Increasing automation in software also has a positive impact upon skills and training. The skills crunch and the worry that all the benefits of the fourth industrial revolution will be concentrated in a small group of tech savvy elites are both symptoms of the fact that we are still trying to develop technology at too low a level of abstraction - again think back to the 1950's when everyone programmed in machine code and how much worse it would be if we continued like that. The fact is that short of genetically engineering the whole human race, it is not possible to create a workforce of super-humans who are experts in all things. By creating smart software technologies that facilitate collaboration, we make knowledge and skill manageable again. This is not only important for our children as they make their way though the education system, but also for the existing workforce who are increasingly under pressure upskill.
While the Davos call for responsive and responsible leadership is clearly focused on the surge in populist politics and the theme it is also critical in how software technologies and the fourth industrial revolution is going to evolve. It is anomalous that in recent years there has been a growing understanding that open access to publicly funded research is vital to the health of the economy and wellbeing of society. There are already tough policies in countries such as the UK regarding open access to journal articles and indeed data arising from publicly funded research. However, while open source software as a well formed concept and clearly critical to the democratization of technology, there are little or no policies regarding software arising from publicly funded research. Much of industry also struggle to understand the importance of software and are unwilling to invest in something that they won't own exclusively. There are exceptions, for example my teams research on automating software development for seismic imaging is fully funded through our Intel Parallel Computing Centre where the only condition of our funding is that our technology is open source.
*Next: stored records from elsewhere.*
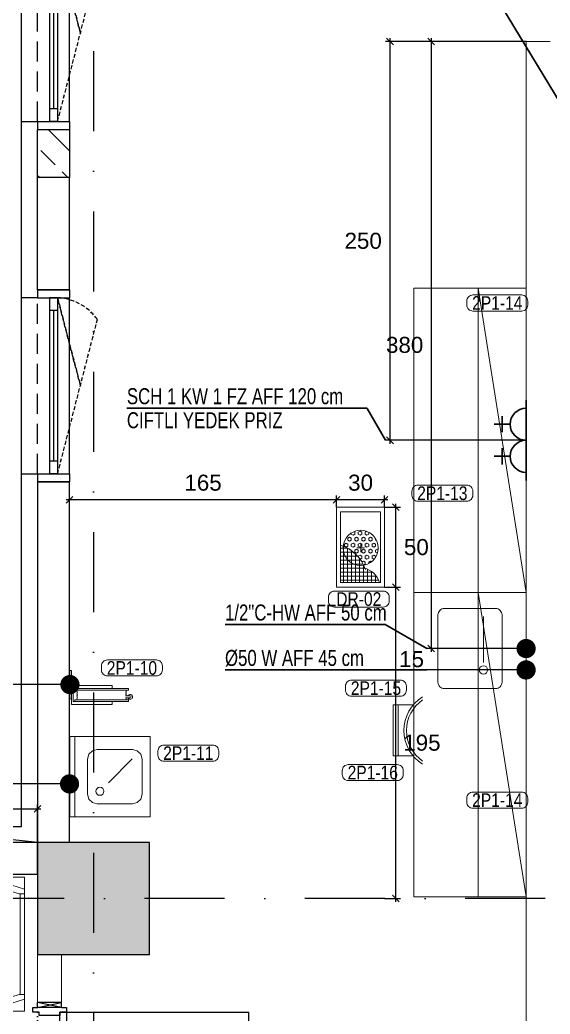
# Model space of a CAD drawing. Header units: millimetres. Extents: x -2755 to 27598, y -1135 to 13405.
# Drawn here: x 3949 to 4280, y 6718 to 7338 of the extents above; entities that cross this region are included whole.
import ezdxf
from ezdxf.enums import TextEntityAlignment as Align

# ---------------------------------------------------------------- set-up
doc = ezdxf.new("R2010")
doc.units = ezdxf.units.MM
doc.header["$LTSCALE"] = 100
for name, pattern in [('DASHDOT', [1, 0.5, -0.25, 0, -0.25]), ('DASHDOT2', [0.5, 0.25, -0.125, 0, -0.125]), ('DOT', [0.25, 0, -0.25]), ('HIDDEN', [0.375, 0.25, -0.125])]:
    doc.linetypes.add(name, pattern=pattern)
for name, color, linetype, lineweight in [('AD', 5, 'Continuous', 9), ('AK', 7, 'Continuous', 15), ('AP', 6, 'Continuous', 15), ('Y-DUVAR BIMS', 14, 'Continuous', 25), ('Y-DUVAR GAZBETON', 161, 'Continuous', 20)]:
    doc.layers.add(name, color=color, linetype=linetype, lineweight=lineweight)
doc.layers.add('AKS', color=7, linetype='DASHDOT2', transparency=0.8)
for name, color, linetype in [('DUVAR', 7, 'Continuous'), ('KA-PEN', 5, 'Continuous'), ('KA-PEN-5 @ 1', 5, 'Continuous'), ('KOLON', 7, 'Continuous'), ('KOR KASA', 1, 'Continuous'), ('OK', 7, 'Continuous'), ('OLCU DIS', 7, 'Continuous'), ('Rec-mantolamakulerengi', 230, 'Continuous'), ('TARAMA', 7, 'Continuous')]:
    doc.layers.add(name, color=color, linetype=linetype)
for name, color, linetype, lineweight, true_color in [('MAKPA ELEKTRIK', 7, 'Continuous', 30, 0x93039a), ('MAKPA GIDER OLC', 7, 'Continuous', 30, 0xcf6a1e), ('MAKPA SIHHI', 7, 'Continuous', 30, 0x428a93)]:
    doc.layers.add(name, color=color, linetype=linetype, lineweight=lineweight, true_color=true_color)
doc.layers.add('MAKPA YER IZGARASI', color=8, linetype='Continuous', lineweight=5, transparency=0.5)
doc.styles.add('MAKPA TESISAT', font='arial.ttf', dxfattribs={"height": 10})
doc.styles.add('OLC-50', font='romans.shx', dxfattribs={"width": 0.5, "height": 0.15})
doc.styles.add('olcu', font='romans.shx', dxfattribs={"width": 0.5})
doc.styles.add('POZ TEXT', font='ARIALN.TTF', dxfattribs={"height": 9})
doc.styles.add('TEZGAH POZ NO', font='arial.ttf', dxfattribs={"height": 10})
doc.dimstyles.new('1-200', dxfattribs={"dimtxt": 40, "dimasz": 2, "dimexe": 0, "dimexo": 0, "dimgap": 10, "dimtad": 1, "dimdec": 4, "dimrnd": 0.1, "dimzin": 9, "dimdsep": 46, "dimtxsty": 'olcu', "dimblk1": 'SOL', "dimblk2": 'SAG', "dimsah": 1, "dimcen": 0, "dimse1": 1, "dimse2": 1, "dimclre": 13, "dimadec": 0, "dimazin": 0, "dimtfac": 1, "dimtdec": 4, "dimtix": 1, "dimtmove": 2, "dimatfit": 2, "dimldrblk": 'SOL', "dimfxl": 0, "dimtolj": 1, "dimarcsym": 0})
doc.dimstyles.new('MAKPA TESISAT DIM', dxfattribs={"dimscale": 0.7, "dimtxt": 12, "dimasz": 6, "dimexe": 4, "dimexo": 0, "dimgap": 8, "dimtad": 2, "dimtih": 1, "dimtoh": 1, "dimdec": 0, "dimrnd": 5, "dimzin": 0, "dimdsep": 46, "dimtxsty": 'MAKPA TESISAT', "dimblk1": 'OBLIQUE', "dimblk2": 'OBLIQUE', "dimsah": 1, "dimcen": 0, "dimdle": 3, "dimclrd": 256, "dimclre": 256, "dimclrt": 256, "dimadec": 0, "dimazin": 0, "dimtfac": 1, "dimtdec": 0, "dimtix": 1, "dimtofl": 0, "dimtmove": 2, "dimatfit": 3, "dimldrblk": 'OBLIQUE', "dimfxl": 0, "dimtvp": 7, "dimtolj": 1, "dimtzin": 0, "dimarcsym": 0})

# ---------------------------------------------------------------- blocks, each defined once
blk = doc.blocks.new('TASIYICI SISTEM (2.KAT)')
at = {"layer": 'TARAMA'}
h = blk.add_hatch(dxfattribs=at)
h.set_pattern_fill('ANSI33', color=253, scale=100)
h.set_pattern_definition([(45, (83461.35, -12320), (-17.6776695, 17.6776695), []), (45, (83479.027, -12320), (-17.6776695, 17.6776695), [12.5, -6.25])])
h.paths.add_polyline_path([(-1920, -5565), (-1850, -5565), (-1850, -5495), (-1920, -5495)])
h.paths.add_polyline_path([(-5635, -7595), (-5575, -7595), (-5575, -7525), (-5635, -7525)])
h.paths.add_polyline_path([(-5935, -6785), (-5935, -6815), (-6050, -6815), (-6050, -6970), (-6080, -6970), (-6080, -6785)])
h.paths.add_polyline_path([(-6080, -7595), (-6020, -7595), (-6020, -7525), (-6080, -7525)])
h.paths.add_polyline_path([(-5640, -6900), (-5570, -6900), (-5570, -6970), (-5640, -6970)])
h.paths.add_polyline_path([(-2235, -5565), (-2175, -5565), (-2175, -5495), (-2235, -5495)])
h.paths.add_polyline_path([(-1540, -5565), (-1470, -5565), (-1470, -5495), (-1540, -5495)])
h.paths.add_polyline_path([(-1540, -6320), (-1470, -6320), (-1470, -6250), (-1540, -6250)])
h.paths.add_polyline_path([(-2240, -6320), (-2170, -6320), (-2170, -6250), (-2240, -6250)])
h.paths.add_polyline_path([(-1540, -6970), (-1470, -6970), (-1470, -6900), (-1540, -6900)])
h.paths.add_polyline_path([(-1510, -7595), (-1470, -7595), (-1470, -7420), (-1510, -7420)])
h.paths.add_polyline_path([(-2220, -7595), (-2190, -7595), (-2190, -6900), (-2220, -6900)])
h.paths.add_polyline_path([(-3090, -6320), (-3020, -6320), (-3020, -6250), (-3090, -6250)])
h.paths.add_polyline_path([(-3940, -6320), (-3870, -6320), (-3870, -6250), (-3940, -6250)])
h.paths.add_polyline_path([(-4790, -6320), (-4720, -6320), (-4720, -6250), (-4790, -6250)])
h.paths.add_polyline_path([(-3090, -6970), (-3020, -6970), (-3020, -6900), (-3090, -6900)])
h.paths.add_polyline_path([(-3940, -6970), (-3870, -6970), (-3870, -6900), (-3940, -6900)])
h.paths.add_polyline_path([(-4790, -6970), (-4720, -6970), (-4720, -6900), (-4790, -6900)])
h.paths.add_polyline_path([(-3085, -7595), (-3025, -7595), (-3025, -7525), (-3085, -7525)])
h.paths.add_polyline_path([(-3935, -7595), (-3875, -7595), (-3875, -7525), (-3935, -7525)])
h.paths.add_polyline_path([(-4785, -7595), (-4725, -7595), (-4725, -7525), (-4785, -7525)])
h.paths.add_polyline_path([(-3085, -5565), (-3025, -5565), (-3025, -5495), (-3085, -5495)])
h.paths.add_polyline_path([(-3935, -5565), (-3875, -5565), (-3875, -5495), (-3935, -5495)])
h.paths.add_polyline_path([(-4785, -5565), (-4725, -5565), (-4725, -5495), (-4785, -5495)])
h.paths.add_polyline_path([(-6210, -5495), (-5590, -5495), (-5590, -6435), (-5795, -6435), (-5795, -6405), (-5620, -6405), (-5620, -5525), (-6050, -5525), (-6050, -6405), (-5935, -6405), (-5935, -6435), (-6210, -6435), (-6210, -6405), (-6080, -6405), (-6080, -5525), (-6210, -5525)])
h.paths.add_polyline_path([(-500, -6970), (-430, -6970), (-430, -6900), (-500, -6900)])
h.paths.add_polyline_path([(-890, -7315), (-820, -7315), (-820, -7245), (-890, -7245)])
h.paths.add_polyline_path([(-245, -6320), (-175, -6320), (-175, -6250), (-245, -6250)])
h.paths.add_polyline_path([(-890, -6320), (-820, -6320), (-820, -6250), (-890, -6250)])
h.paths.add_polyline_path([(-890, -6970), (-820, -6970), (-820, -6900), (-890, -6900)])
h.paths.add_polyline_path([(-1600, -4475), (-1890, -4475), (-1890, -4715), (-1470, -4715), (-1470, -4745), (-1920, -4745), (-1920, -4445), (-1600, -4445)])
h.paths.add_polyline_path([(-755, -4715), (-1005, -4715), (-1005, -4755), (-755, -4755)])
h.paths.add_polyline_path([(-755, -5525), (-1005, -5525), (-1005, -5565), (-755, -5565)])
h.paths.add_polyline_path([(-135, -5835), (-135, -5565), (-405, -5565), (-405, -5245), (-375, -5245), (-375, -5535), (-135, -5535), (-135, -4415), (-105, -4415), (-105, -5865), (-205, -5865), (-205, -5835)])
at = {"layer": 'AKS', "color": 14, "ltscale": 2}
for p, q in [((-1885, 1005), (-1885, -13375)), ((16415, -5530), (-7145, -5530))]:
    blk.add_line(p, q, dxfattribs=at)
at = {"layer": 'KOLON', "color": 4, "ltscale": 5}
blk.add_lwpolyline([(-1920, -5565), (-1850, -5565), (-1850, -5495), (-1920, -5495)], close=True, dxfattribs=at)
blk = doc.blocks.new('*U118')
at = {"color": 0}
for p, q in [((-10, 5), (-10, 115)), ((12.5, 115), (7.5, 115)), ((7.5, 115), (7.5, 5)), ((12.5, 115), (12.5, 5)), ((20, 5), (20, 115)), ((12.5, 107), (7.5, 107)), ((10, 107), (10, 13)), ((12.5, 13), (7.5, 13)), ((12.5, 5), (7.5, 5)), ((12.5, 5), (7.5, 5))]:
    blk.add_line(p, q, dxfattribs=at)
at = {"color": 0, "linetype": 'HIDDEN', "ltscale": 0.5}
blk.add_line((0, 5), (0, 115), dxfattribs=at)
at = {"linetype": 'HIDDEN', "ltscale": 0.1}
for p, q in [((12.5, 115), (26.76, 60.22)), ((26.76, 60.22), (12.5, 115)), ((12.51, 5), (37.4, 101.44))]:
    blk.add_line(p, q, dxfattribs=at)
blk.add_arc((10.97, 82.53), 32.5, 35.57763, 87.29836, dxfattribs=at)
at = {"layer": 'Rec-mantolamakulerengi'}
for p, q in [((0, 115), (20, 115)), ((0, 5), (20, 5))]:
    blk.add_line(p, q, dxfattribs=at)
for points in [[(0, 120), (0, 115)], [(20, 120), (20, 115)], [(0, 5), (0, 0)], [(20, 5), (20, 0)]]:
    blk.add_lwpolyline(points, dxfattribs=at)
at = {"layer": 'Y-DUVAR BIMS'}
for p, q in [((0, 120), (20, 120)), ((0, 0), (20, 0))]:
    blk.add_line(p, q, dxfattribs=at)
blk = doc.blocks.new('20-30 hatil')
at = {"layer": 'TARAMA'}
h = blk.add_hatch(dxfattribs=at)
h.set_pattern_fill('ANSI33', color=253, scale=100)
h.set_pattern_definition([(45, (-14230.717, 46.517), (-17.67767, 17.67767), []), (45, (-14213.04, 46.517), (-17.67767, 17.67767), [12.5, -6.25])])
h.paths.add_polyline_path([(-15, 20), (-15, 0), (15, 0), (15, 20)])
at = {"color": 0}
blk.add_lwpolyline([(-15, 20), (15, 20), (15, 0), (-15, 0), (-15, 20)], dxfattribs=at)
blk = doc.blocks.new('DIS CEPHE_KAT2')
at = {"layer": 'Rec-mantolamakulerengi'}
for points in [[(3960, 7165), (3950, 7165), (3950, 7275), (3960, 7275)], [(3610, 6825), (3610, 6835), (3950, 6835), (3950, 7055), (3960, 7055)]]:
    blk.add_lwpolyline(points, dxfattribs=at)
at = {"layer": 'Y-DUVAR BIMS'}
blk.add_line((3980, 7170), (3980, 7240), dxfattribs=at)
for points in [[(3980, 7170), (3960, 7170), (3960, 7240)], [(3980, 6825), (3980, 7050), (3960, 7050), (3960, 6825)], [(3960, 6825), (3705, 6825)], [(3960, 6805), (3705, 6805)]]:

But this needs to become the norm rather than the exception.
Additionally, while software forms the very fabric of the digital world and will define the digital world, programming is still siloed within computing departments rather than being integrated into the wider curriculum across schools and universities. Indeed, there has been a wide understanding for years that it is nearly impossible to have a successful academic career when their primary output is software - scientists and engineers who are also proficient in software development exist in the world in spite of the education system rather than because of it.
There is much that government and industry to create an eco-system for software technologies to thrive and to make the fourth industrial revolution work for everyone. Indeed it is a time for change.
Really glad to hear how Intel PPC has been important in the context of your research. Congratulations for all the achievements so far!